Pick out every line of the entries below where "Continuous" occurs, and copy those lines.

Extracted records
=====

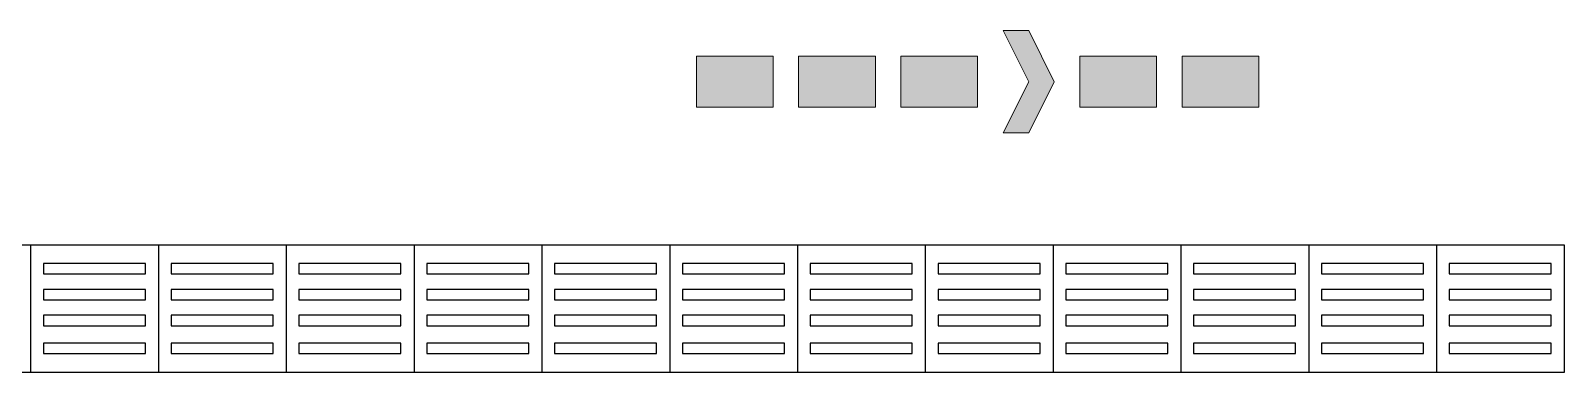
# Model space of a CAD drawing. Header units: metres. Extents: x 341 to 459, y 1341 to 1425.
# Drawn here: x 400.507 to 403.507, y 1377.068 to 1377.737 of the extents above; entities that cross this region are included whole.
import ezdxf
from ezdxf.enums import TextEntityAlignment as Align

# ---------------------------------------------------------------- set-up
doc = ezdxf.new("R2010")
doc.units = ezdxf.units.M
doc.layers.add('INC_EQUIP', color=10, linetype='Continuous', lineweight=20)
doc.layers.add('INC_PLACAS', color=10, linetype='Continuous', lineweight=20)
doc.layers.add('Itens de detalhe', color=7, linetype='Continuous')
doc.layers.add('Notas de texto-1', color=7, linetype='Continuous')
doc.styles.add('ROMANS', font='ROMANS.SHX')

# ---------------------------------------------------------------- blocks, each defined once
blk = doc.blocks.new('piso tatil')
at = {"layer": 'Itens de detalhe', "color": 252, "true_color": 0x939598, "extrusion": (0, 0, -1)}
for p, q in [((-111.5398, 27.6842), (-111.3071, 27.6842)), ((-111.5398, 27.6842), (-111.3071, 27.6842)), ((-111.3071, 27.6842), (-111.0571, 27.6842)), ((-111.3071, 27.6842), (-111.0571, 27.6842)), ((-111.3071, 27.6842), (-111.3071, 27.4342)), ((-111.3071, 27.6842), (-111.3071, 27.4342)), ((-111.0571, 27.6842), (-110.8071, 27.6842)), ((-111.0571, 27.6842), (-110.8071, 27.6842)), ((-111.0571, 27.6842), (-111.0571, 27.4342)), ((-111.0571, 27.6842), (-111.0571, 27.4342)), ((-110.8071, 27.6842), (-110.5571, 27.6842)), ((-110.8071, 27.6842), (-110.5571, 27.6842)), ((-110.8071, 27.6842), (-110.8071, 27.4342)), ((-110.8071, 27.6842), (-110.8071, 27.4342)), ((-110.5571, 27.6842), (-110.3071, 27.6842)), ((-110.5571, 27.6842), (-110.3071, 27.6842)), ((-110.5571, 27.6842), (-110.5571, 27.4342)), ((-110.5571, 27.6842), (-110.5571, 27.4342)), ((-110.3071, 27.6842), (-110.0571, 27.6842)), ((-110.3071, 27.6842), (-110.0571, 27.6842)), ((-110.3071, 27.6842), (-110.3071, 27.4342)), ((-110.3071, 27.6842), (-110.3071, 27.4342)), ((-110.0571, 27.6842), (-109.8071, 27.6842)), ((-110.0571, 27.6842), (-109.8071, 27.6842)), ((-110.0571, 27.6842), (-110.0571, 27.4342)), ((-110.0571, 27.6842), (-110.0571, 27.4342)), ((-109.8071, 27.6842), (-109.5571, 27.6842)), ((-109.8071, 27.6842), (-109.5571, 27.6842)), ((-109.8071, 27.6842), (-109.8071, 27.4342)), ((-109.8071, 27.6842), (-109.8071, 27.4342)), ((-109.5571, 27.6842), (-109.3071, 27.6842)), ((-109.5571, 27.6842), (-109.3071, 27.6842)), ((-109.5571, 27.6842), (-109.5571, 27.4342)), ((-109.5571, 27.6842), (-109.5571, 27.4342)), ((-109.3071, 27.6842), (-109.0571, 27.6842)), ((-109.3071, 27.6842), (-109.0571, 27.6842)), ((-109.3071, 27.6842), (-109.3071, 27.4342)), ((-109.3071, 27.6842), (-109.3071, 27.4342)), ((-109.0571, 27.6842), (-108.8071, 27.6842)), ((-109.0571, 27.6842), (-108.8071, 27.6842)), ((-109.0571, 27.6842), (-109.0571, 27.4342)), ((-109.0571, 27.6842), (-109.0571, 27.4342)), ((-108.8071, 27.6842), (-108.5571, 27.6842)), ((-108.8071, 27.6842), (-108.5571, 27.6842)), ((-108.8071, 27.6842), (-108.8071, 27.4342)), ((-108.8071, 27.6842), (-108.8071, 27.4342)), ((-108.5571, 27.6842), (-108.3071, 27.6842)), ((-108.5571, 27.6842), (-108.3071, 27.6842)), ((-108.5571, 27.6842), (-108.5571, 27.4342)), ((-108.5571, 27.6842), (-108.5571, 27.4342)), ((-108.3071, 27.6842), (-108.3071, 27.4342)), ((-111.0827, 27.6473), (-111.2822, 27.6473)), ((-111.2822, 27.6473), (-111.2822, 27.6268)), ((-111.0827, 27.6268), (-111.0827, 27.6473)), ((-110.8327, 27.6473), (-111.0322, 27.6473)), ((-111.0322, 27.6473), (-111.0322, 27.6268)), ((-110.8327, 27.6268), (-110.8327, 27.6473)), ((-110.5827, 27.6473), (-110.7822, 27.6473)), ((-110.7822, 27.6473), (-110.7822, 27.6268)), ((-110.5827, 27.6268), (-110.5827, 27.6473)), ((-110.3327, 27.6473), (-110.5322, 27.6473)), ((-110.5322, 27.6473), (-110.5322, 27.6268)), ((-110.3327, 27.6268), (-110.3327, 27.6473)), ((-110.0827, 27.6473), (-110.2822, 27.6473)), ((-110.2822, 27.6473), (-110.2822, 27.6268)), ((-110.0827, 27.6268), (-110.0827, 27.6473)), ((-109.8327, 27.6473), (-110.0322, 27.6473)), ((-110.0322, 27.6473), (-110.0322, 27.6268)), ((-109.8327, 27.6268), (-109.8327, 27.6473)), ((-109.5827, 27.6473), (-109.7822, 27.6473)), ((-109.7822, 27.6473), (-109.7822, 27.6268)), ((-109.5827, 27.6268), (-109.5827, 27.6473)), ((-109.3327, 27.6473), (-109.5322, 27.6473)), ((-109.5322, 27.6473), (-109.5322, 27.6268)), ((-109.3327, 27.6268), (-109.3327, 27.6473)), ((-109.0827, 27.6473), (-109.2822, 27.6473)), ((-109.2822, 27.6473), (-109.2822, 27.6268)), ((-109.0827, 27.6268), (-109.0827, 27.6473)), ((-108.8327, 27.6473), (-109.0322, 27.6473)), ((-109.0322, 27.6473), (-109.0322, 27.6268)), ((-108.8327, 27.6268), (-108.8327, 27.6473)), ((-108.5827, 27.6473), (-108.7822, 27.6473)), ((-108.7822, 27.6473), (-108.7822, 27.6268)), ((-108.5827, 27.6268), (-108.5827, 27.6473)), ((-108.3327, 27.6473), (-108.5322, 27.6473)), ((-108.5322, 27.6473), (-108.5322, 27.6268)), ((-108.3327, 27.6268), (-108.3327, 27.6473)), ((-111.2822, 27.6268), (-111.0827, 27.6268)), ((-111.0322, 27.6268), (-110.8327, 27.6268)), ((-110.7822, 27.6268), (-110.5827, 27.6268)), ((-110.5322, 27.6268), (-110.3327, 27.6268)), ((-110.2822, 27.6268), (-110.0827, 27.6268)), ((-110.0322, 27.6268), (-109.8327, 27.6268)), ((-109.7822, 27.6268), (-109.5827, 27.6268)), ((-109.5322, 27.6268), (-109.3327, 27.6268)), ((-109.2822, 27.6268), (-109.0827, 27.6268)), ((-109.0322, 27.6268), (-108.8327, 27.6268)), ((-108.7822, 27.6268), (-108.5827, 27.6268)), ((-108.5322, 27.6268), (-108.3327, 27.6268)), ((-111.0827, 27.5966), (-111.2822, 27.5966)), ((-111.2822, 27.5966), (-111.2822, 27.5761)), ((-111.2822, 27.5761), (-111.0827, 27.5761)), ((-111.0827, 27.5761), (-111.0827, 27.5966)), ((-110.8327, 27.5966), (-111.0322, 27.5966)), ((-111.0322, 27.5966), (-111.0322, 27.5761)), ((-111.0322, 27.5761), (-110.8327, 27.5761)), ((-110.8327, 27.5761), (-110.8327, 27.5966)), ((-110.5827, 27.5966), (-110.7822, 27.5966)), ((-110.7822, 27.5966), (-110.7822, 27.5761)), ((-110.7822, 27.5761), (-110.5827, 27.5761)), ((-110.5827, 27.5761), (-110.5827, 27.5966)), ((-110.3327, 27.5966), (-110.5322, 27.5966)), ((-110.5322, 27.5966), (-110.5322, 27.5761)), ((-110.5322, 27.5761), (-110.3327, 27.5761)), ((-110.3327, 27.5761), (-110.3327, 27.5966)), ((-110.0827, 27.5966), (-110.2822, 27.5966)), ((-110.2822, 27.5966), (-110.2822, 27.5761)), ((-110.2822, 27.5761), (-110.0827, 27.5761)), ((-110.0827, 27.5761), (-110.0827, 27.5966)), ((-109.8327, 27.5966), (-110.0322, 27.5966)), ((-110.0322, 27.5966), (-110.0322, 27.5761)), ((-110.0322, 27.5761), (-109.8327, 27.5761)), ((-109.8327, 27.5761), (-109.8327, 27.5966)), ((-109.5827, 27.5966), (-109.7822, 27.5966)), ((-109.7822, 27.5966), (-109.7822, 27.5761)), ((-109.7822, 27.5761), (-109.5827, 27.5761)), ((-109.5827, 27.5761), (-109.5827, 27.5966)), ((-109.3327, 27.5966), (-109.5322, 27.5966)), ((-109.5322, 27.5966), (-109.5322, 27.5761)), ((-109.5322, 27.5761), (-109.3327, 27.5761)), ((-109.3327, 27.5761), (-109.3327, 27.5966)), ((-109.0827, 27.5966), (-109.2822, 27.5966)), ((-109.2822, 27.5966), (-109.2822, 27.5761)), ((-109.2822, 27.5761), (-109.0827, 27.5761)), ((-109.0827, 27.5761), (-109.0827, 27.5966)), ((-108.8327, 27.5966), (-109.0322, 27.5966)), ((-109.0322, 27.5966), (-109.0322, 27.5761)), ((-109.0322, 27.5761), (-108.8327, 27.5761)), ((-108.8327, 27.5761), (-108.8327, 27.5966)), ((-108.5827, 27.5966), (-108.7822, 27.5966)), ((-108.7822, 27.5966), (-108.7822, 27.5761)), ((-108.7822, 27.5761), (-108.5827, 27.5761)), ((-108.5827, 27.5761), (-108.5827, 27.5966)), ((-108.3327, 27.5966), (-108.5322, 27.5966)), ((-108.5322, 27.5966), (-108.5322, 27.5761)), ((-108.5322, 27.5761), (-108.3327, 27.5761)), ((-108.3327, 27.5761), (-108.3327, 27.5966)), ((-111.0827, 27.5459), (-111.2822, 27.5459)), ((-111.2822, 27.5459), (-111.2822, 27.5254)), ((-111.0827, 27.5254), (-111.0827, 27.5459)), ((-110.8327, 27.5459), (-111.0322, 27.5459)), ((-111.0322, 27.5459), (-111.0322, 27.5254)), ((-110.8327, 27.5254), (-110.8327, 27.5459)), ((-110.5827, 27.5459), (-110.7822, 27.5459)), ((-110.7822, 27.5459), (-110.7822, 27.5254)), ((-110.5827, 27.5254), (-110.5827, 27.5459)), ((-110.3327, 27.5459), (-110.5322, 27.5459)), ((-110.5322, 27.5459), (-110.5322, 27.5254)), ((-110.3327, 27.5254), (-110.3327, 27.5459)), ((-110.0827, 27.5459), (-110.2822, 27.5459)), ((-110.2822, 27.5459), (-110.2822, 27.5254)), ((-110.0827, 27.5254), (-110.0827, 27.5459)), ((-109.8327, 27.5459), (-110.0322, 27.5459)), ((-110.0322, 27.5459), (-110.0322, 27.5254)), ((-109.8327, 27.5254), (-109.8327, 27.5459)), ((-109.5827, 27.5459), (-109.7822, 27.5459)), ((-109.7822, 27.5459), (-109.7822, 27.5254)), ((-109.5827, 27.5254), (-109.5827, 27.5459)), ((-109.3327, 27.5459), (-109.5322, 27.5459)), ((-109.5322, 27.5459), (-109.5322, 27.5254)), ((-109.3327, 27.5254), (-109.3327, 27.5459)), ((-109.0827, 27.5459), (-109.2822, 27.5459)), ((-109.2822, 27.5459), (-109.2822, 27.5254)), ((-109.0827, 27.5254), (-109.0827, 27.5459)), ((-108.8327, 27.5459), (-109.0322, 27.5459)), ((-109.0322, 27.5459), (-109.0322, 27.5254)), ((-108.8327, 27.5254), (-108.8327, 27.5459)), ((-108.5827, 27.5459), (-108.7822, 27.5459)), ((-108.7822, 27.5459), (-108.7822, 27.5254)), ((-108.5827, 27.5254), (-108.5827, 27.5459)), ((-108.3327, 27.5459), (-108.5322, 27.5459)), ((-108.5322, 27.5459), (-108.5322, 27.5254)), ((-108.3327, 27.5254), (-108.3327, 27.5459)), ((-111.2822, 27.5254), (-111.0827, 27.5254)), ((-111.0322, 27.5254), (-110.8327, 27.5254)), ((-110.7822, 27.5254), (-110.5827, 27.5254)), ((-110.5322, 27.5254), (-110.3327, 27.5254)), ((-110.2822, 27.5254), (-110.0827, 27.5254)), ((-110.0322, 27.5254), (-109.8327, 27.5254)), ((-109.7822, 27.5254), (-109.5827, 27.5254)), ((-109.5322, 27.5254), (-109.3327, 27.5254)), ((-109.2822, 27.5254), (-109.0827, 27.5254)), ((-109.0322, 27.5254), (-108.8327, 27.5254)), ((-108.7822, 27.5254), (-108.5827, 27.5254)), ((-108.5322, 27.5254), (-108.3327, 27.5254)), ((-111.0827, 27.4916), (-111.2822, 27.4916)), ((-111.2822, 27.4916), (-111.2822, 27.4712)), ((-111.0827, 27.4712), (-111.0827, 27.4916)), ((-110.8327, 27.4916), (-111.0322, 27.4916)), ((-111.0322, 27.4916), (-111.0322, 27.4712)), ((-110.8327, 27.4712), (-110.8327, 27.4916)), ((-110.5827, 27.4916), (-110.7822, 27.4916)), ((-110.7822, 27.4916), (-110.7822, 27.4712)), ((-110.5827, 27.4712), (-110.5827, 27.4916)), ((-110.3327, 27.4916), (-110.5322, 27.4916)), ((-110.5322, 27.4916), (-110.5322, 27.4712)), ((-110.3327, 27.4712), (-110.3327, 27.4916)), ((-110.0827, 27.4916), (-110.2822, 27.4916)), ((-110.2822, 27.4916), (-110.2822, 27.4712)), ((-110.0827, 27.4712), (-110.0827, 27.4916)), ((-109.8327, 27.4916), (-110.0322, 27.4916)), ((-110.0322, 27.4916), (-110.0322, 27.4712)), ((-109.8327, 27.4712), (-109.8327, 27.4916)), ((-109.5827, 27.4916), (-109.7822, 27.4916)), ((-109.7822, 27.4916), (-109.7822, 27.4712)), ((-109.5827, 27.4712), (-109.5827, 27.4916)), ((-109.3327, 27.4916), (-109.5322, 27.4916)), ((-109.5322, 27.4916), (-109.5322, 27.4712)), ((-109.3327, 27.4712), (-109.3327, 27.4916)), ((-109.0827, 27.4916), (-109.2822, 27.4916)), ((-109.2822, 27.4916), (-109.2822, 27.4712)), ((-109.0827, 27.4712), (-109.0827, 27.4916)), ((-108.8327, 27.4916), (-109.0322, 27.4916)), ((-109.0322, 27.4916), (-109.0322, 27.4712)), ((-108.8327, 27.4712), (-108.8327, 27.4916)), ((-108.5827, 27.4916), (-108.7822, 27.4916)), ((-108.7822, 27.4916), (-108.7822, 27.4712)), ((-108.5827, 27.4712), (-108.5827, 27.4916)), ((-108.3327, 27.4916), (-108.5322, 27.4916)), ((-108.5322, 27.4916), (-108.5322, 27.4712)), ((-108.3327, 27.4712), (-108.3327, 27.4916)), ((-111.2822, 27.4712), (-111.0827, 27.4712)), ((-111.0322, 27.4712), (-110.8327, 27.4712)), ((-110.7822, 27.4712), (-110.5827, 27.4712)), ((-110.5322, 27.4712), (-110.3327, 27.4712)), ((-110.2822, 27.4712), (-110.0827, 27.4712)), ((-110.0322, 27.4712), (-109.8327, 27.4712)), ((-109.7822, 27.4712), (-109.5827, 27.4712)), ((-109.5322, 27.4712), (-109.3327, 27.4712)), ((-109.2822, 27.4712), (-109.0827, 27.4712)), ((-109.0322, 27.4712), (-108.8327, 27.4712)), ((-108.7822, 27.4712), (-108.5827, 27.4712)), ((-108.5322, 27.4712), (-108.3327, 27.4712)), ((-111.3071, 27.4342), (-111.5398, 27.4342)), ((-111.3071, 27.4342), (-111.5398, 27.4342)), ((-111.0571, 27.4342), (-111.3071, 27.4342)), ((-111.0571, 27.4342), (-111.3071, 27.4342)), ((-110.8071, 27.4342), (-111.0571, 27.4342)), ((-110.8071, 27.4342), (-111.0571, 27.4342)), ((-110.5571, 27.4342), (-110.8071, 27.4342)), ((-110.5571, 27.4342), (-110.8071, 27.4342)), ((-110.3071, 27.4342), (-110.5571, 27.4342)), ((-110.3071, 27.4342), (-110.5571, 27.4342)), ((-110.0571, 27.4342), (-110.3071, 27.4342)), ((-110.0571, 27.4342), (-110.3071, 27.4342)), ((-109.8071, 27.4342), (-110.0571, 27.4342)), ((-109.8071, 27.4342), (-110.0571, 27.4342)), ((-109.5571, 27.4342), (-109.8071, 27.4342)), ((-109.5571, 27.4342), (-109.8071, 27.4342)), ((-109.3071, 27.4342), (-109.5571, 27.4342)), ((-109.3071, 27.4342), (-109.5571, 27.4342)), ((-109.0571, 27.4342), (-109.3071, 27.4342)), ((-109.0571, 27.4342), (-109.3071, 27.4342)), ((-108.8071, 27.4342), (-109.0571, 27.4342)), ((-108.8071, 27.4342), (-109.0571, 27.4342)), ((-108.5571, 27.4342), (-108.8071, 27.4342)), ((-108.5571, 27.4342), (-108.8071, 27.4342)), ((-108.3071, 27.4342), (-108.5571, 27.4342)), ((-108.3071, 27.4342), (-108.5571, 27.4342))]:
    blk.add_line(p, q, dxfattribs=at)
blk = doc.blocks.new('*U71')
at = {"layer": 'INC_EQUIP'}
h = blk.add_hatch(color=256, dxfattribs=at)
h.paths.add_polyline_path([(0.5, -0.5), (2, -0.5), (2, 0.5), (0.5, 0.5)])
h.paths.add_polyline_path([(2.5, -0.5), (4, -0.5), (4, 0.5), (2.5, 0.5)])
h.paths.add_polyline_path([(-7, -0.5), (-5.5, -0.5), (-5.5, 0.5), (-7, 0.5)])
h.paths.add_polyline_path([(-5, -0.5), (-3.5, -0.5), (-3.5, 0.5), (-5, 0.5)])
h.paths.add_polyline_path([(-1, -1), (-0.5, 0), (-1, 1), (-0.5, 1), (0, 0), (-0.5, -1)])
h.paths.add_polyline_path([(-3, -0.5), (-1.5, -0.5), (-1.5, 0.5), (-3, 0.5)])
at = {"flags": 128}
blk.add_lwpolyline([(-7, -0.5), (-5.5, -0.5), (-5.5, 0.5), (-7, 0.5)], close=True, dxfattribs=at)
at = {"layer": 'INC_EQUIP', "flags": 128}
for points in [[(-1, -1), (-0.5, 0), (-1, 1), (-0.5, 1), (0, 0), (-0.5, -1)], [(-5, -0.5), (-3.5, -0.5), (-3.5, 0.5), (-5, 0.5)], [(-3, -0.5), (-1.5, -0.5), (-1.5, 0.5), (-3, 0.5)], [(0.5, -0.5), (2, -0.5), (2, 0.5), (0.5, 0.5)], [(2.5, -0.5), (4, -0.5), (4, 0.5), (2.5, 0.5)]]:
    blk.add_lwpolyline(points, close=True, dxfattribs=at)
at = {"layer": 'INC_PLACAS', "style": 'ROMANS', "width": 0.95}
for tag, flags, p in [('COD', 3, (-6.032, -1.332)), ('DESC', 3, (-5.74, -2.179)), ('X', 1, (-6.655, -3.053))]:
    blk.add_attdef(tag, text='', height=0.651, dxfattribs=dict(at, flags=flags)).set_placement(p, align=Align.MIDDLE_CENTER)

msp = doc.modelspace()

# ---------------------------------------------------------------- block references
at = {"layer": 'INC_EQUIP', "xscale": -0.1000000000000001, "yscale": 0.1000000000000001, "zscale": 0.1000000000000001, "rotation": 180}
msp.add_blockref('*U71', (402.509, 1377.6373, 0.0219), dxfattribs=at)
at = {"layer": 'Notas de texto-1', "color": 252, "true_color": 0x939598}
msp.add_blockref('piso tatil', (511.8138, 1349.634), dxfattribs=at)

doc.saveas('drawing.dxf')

=====

## [RESPONSE BELOW]
doc.layers.add('INC_EQUIP', color=10, linetype='Continuous', lineweight=20)
doc.layers.add('INC_PLACAS', color=10, linetype='Continuous', lineweight=20)
doc.layers.add('Itens de detalhe', color=7, linetype='Continuous')
doc.layers.add('Notas de texto-1', color=7, linetype='Continuous')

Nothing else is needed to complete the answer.